The last thing we want to do with this code is save our results to a file. To do so, we put the call to `summary` between a pair of calls to `sink`:
```{r, eval = FALSE}
sink(file = "output/petal-length-anova.txt")
summary(object = petal.length.aov)
sink()
```
Notice now that because we have directed output to the file "petal-length-anova.txt", the output of `summary` will _not_ be output to the console. Open the file to make sure the output was saved correctly.
Our script should look like this:
```{r, eval = FALSE}
# ANOVA on iris data set
# Jeff Oliver
# 2016-09-09
# Run ANOVA on petal length
petal.length.aov <- aov(formula = Petal.Length ~ Species, data = iris)
# Save results to file
sink(file = "output/petal-length-anova.txt")
summary(object = petal.length.aov)
sink()
```
> ###Challenge 2
Use ANOVA to test for differences in sepal width among the three species. What is the value of the _F_-statistic?

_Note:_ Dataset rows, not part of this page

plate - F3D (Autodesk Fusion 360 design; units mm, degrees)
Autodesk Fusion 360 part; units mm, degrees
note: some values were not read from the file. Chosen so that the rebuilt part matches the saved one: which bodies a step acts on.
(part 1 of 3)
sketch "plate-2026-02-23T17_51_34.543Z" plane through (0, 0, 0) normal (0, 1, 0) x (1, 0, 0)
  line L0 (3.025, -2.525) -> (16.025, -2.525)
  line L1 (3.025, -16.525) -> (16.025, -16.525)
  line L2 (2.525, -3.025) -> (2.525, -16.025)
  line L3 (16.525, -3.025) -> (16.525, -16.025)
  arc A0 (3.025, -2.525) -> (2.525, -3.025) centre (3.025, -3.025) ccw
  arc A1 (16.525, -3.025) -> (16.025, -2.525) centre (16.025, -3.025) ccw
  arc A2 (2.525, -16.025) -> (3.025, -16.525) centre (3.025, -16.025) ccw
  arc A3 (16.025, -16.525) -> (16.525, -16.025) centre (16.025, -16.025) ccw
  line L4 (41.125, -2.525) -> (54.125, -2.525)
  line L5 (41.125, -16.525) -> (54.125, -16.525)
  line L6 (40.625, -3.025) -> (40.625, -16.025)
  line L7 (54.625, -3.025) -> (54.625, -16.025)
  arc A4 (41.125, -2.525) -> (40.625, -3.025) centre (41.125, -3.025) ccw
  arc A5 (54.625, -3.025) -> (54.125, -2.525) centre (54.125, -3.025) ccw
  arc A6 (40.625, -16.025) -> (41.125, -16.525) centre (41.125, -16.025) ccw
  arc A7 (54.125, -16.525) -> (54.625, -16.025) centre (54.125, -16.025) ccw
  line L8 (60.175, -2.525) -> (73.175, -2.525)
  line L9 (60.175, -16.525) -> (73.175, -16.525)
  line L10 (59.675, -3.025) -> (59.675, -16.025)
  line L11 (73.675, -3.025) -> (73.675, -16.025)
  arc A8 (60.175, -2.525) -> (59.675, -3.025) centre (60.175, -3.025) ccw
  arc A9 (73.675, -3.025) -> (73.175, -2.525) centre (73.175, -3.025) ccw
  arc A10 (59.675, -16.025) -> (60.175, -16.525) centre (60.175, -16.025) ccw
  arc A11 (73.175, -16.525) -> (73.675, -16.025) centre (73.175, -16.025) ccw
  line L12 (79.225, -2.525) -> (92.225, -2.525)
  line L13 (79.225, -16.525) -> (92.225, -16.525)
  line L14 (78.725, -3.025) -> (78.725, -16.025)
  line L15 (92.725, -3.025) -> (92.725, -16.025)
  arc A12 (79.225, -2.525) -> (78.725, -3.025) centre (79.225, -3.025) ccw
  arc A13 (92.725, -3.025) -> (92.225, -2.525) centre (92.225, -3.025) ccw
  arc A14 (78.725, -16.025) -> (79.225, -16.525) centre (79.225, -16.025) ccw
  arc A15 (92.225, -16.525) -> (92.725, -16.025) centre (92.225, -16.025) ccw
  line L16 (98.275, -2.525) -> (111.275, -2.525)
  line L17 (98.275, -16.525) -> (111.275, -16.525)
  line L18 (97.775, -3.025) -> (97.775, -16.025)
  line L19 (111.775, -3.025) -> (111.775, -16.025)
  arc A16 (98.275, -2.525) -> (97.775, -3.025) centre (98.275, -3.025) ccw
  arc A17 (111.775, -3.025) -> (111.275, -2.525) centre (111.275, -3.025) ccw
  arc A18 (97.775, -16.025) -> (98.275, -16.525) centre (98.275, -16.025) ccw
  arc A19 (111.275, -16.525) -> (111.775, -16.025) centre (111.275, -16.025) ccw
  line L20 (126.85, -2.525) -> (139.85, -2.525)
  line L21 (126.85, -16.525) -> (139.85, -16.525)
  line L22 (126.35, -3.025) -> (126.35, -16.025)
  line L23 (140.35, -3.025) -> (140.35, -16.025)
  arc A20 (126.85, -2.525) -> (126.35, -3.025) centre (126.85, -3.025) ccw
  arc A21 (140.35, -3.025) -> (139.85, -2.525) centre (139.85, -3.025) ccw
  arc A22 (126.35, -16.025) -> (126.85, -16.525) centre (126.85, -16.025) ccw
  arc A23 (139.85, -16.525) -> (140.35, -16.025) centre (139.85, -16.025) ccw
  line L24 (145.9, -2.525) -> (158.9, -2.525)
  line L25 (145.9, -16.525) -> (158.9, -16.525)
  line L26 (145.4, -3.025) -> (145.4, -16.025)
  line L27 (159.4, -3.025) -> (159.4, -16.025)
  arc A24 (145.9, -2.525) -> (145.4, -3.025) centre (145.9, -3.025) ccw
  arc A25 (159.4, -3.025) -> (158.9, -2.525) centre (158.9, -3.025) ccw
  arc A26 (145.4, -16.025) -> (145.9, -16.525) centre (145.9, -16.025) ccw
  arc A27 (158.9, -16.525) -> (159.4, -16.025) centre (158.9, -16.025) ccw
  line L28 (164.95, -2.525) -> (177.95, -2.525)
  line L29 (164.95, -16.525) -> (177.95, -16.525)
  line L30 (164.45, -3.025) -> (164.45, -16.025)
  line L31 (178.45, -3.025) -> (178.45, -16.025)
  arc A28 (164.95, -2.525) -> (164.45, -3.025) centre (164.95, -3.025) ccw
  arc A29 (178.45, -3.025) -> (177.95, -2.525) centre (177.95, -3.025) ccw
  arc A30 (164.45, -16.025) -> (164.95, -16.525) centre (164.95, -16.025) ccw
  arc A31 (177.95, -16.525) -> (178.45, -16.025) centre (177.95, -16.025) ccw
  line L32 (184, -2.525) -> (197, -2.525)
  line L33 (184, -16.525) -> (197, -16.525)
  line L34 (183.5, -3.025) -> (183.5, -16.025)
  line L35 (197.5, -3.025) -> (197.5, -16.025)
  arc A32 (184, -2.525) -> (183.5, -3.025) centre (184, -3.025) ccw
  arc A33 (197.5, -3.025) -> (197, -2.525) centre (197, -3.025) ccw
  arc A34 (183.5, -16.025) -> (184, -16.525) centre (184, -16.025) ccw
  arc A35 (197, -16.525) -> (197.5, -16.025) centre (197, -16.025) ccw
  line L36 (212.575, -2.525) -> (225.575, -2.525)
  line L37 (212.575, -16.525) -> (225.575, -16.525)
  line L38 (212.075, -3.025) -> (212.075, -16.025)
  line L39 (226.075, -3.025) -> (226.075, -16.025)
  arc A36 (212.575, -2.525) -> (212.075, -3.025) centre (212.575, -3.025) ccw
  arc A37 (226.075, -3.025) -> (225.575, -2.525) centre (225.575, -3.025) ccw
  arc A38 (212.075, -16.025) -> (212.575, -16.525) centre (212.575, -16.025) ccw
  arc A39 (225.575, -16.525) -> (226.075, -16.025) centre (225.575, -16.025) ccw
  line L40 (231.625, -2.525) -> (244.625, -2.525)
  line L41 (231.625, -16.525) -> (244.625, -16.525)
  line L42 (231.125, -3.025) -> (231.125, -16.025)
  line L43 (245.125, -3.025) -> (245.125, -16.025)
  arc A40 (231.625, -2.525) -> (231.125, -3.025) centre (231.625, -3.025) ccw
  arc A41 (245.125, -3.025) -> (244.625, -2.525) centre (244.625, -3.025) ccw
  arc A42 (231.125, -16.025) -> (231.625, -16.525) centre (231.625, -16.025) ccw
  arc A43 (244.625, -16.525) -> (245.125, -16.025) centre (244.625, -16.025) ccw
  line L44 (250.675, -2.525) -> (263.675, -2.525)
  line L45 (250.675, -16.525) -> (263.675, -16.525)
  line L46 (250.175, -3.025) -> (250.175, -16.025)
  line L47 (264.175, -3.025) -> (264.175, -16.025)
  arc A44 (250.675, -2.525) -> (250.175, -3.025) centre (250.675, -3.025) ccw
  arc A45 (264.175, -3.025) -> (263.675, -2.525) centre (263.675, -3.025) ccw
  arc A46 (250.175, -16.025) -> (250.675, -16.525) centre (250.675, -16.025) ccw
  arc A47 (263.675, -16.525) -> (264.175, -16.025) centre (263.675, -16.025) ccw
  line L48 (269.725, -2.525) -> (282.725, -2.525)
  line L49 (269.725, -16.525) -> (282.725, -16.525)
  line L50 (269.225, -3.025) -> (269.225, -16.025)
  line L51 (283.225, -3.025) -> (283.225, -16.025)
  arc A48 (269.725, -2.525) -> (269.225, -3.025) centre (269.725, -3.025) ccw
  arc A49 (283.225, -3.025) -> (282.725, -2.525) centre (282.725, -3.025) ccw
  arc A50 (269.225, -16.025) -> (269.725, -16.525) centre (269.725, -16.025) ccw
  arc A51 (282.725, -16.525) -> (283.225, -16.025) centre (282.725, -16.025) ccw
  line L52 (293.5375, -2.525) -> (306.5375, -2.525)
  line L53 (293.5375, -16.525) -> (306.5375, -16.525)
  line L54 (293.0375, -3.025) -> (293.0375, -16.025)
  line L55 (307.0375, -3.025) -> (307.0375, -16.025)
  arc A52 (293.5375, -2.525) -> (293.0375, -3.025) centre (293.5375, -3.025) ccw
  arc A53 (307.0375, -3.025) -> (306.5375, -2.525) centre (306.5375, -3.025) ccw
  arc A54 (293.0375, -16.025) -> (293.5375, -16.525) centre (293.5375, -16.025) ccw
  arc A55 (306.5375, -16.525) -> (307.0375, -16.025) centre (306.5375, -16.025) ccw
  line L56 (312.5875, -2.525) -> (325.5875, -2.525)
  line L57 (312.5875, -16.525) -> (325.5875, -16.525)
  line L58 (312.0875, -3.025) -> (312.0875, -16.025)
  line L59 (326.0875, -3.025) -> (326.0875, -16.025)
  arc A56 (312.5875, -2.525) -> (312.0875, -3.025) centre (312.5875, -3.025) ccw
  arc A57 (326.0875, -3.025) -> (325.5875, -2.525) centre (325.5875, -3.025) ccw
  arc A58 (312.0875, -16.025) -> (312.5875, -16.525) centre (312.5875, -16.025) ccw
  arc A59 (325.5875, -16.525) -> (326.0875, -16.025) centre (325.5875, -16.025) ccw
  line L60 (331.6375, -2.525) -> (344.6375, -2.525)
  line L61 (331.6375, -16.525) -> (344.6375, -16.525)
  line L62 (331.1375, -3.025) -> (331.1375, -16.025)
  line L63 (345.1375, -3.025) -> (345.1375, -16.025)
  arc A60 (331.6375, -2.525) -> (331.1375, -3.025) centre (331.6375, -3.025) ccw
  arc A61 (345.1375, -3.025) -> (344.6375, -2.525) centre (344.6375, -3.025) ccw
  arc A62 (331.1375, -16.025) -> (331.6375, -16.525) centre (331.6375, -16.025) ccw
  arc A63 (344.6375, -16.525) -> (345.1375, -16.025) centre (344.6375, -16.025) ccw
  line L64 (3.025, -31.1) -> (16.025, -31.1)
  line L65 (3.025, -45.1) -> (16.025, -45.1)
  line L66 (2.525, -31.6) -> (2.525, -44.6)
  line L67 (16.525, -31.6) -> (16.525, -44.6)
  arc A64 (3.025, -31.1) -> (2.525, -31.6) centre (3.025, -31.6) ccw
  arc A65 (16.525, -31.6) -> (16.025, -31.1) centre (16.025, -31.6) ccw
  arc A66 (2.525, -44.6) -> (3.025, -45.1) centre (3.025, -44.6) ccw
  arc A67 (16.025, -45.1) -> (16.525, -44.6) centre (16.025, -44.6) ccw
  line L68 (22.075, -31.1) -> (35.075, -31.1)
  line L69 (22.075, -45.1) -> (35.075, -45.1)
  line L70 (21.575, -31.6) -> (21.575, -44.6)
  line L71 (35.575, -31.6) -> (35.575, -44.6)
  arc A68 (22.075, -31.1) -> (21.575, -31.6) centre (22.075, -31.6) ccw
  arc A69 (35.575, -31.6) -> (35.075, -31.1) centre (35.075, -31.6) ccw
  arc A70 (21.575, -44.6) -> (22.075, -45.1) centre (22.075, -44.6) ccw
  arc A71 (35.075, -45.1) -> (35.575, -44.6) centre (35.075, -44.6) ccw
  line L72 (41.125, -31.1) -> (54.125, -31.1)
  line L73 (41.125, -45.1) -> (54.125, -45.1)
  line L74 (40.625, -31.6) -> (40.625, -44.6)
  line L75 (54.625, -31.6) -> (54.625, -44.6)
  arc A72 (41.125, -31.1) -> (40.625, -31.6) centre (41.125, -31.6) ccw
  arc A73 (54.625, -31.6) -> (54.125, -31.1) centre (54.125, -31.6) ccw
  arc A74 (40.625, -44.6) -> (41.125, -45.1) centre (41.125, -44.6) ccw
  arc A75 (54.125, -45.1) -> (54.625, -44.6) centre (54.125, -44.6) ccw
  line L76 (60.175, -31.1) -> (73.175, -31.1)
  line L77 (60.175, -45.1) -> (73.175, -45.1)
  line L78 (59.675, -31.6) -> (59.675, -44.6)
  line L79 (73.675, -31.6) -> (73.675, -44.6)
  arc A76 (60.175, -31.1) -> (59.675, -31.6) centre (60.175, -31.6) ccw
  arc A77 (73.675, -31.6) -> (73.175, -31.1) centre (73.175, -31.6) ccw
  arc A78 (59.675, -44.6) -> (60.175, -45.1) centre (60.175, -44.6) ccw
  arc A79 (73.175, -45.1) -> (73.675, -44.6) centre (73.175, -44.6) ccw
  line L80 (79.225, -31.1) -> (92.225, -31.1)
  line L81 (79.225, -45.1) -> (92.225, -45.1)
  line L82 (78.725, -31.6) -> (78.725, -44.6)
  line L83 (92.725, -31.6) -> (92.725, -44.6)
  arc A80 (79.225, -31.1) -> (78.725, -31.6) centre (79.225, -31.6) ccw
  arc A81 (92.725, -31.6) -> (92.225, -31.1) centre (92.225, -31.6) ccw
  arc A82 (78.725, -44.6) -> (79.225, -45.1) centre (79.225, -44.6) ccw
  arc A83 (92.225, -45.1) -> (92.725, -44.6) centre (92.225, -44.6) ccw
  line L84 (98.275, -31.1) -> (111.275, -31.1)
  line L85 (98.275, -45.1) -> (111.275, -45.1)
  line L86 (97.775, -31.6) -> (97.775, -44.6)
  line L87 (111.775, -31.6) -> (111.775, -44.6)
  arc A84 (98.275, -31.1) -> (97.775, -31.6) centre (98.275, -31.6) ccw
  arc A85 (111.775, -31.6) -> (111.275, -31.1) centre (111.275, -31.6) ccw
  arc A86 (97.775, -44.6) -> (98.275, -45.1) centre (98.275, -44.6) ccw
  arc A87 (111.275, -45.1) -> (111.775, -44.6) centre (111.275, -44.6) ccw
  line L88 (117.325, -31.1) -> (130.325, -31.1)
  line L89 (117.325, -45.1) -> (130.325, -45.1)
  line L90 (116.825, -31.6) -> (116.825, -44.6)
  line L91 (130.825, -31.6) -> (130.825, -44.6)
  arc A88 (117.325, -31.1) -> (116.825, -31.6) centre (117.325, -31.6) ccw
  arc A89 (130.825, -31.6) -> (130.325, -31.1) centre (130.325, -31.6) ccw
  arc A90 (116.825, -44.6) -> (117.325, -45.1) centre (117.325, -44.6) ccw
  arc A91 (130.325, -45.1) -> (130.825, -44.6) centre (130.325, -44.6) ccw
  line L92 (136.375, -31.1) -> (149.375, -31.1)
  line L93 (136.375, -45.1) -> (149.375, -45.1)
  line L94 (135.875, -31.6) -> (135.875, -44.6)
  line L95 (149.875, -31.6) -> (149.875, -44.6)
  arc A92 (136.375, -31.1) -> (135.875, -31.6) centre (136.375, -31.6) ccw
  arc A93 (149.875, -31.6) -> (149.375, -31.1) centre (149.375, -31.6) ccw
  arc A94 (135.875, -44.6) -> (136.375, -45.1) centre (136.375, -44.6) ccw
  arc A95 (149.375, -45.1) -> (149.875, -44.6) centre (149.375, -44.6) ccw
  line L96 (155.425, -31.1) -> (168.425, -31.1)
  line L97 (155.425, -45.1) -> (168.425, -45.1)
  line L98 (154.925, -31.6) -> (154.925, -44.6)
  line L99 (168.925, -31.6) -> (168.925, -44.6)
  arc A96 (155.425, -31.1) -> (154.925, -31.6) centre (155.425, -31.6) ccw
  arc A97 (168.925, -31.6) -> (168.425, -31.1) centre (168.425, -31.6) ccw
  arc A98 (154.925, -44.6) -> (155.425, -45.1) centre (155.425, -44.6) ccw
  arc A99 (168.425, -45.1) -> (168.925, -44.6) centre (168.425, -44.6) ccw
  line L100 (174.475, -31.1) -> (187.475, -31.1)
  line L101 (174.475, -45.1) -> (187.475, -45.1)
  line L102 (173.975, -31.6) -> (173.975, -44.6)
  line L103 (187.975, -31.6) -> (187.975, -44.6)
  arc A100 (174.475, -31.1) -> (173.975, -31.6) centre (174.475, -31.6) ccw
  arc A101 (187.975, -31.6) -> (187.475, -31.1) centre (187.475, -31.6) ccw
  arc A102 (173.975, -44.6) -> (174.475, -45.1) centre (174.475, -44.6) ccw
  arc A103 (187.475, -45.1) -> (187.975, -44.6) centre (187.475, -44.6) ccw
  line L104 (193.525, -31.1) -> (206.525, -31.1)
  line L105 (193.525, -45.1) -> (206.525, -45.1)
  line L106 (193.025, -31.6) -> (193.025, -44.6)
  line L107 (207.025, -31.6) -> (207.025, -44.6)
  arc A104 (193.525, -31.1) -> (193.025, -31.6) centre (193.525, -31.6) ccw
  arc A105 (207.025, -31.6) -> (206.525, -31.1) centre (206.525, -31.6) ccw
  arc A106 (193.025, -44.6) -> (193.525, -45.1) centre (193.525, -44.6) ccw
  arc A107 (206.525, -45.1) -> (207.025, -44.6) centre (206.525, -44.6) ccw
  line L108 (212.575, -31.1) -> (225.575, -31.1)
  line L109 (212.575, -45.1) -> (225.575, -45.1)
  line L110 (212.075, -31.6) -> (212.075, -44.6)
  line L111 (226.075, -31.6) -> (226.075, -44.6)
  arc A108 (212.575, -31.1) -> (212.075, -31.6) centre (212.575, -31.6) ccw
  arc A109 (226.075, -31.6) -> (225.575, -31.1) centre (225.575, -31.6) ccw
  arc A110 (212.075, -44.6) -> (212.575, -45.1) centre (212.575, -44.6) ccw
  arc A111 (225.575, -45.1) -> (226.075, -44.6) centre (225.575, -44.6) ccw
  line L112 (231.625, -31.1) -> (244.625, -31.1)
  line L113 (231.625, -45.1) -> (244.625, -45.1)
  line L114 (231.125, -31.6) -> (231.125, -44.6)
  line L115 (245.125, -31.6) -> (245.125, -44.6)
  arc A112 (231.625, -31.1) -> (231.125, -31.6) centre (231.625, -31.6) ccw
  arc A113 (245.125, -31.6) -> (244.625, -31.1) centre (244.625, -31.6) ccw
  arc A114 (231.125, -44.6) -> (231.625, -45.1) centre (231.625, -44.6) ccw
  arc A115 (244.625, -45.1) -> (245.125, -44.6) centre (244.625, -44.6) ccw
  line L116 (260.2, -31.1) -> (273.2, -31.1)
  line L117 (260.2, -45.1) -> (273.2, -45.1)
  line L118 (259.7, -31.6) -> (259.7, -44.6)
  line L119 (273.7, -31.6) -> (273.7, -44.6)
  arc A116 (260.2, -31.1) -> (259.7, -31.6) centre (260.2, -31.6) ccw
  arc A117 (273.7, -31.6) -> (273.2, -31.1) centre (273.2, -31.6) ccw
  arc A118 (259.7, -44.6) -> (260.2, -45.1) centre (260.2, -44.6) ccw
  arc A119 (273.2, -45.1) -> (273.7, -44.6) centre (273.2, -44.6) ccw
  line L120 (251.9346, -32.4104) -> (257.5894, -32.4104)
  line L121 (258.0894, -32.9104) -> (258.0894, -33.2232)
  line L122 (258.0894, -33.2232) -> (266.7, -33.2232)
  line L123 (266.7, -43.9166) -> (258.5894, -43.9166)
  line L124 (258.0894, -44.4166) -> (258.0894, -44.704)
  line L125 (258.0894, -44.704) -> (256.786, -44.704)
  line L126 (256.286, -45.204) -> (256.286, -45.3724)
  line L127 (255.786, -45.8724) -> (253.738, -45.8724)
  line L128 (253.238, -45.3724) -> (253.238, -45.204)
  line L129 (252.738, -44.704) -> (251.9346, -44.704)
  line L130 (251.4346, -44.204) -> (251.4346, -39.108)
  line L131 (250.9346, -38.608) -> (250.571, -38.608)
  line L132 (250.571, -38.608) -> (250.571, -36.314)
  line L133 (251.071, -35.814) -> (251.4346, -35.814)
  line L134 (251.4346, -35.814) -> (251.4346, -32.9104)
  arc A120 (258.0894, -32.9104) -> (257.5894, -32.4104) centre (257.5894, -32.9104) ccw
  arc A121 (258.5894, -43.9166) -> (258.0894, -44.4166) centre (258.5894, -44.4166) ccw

([Solution](#solution-to-challenge-2))
***
##Linear regression
For this final section, we will test for a relationship between life expectancy and per capita [gross domestic product](https://en.wikipedia.org/wiki/Gross_domestic_product) (GDP). Start by downloading the data from [https://tinyurl.com/gapminder-five-year-csv](https://tinyurl.com/gapminder-five-year-csv) (right-click or Ctrl-click on link and Save As...). Save this to the 'data' directory you created in the Setup section. The file has comma-separated values for 142 countries at twelve different years; the data can be loaded in R with the `read.csv` function:
```{r}
# Test relationship between life expectancy and GDP
# Jeff Oliver
# 2016-07-29
orig.gapminder <- read.csv(file = "data/gapminder-FiveYearData.csv")
```
This reads the file into memory and stores the data in a data frame called `orig.gapminder`.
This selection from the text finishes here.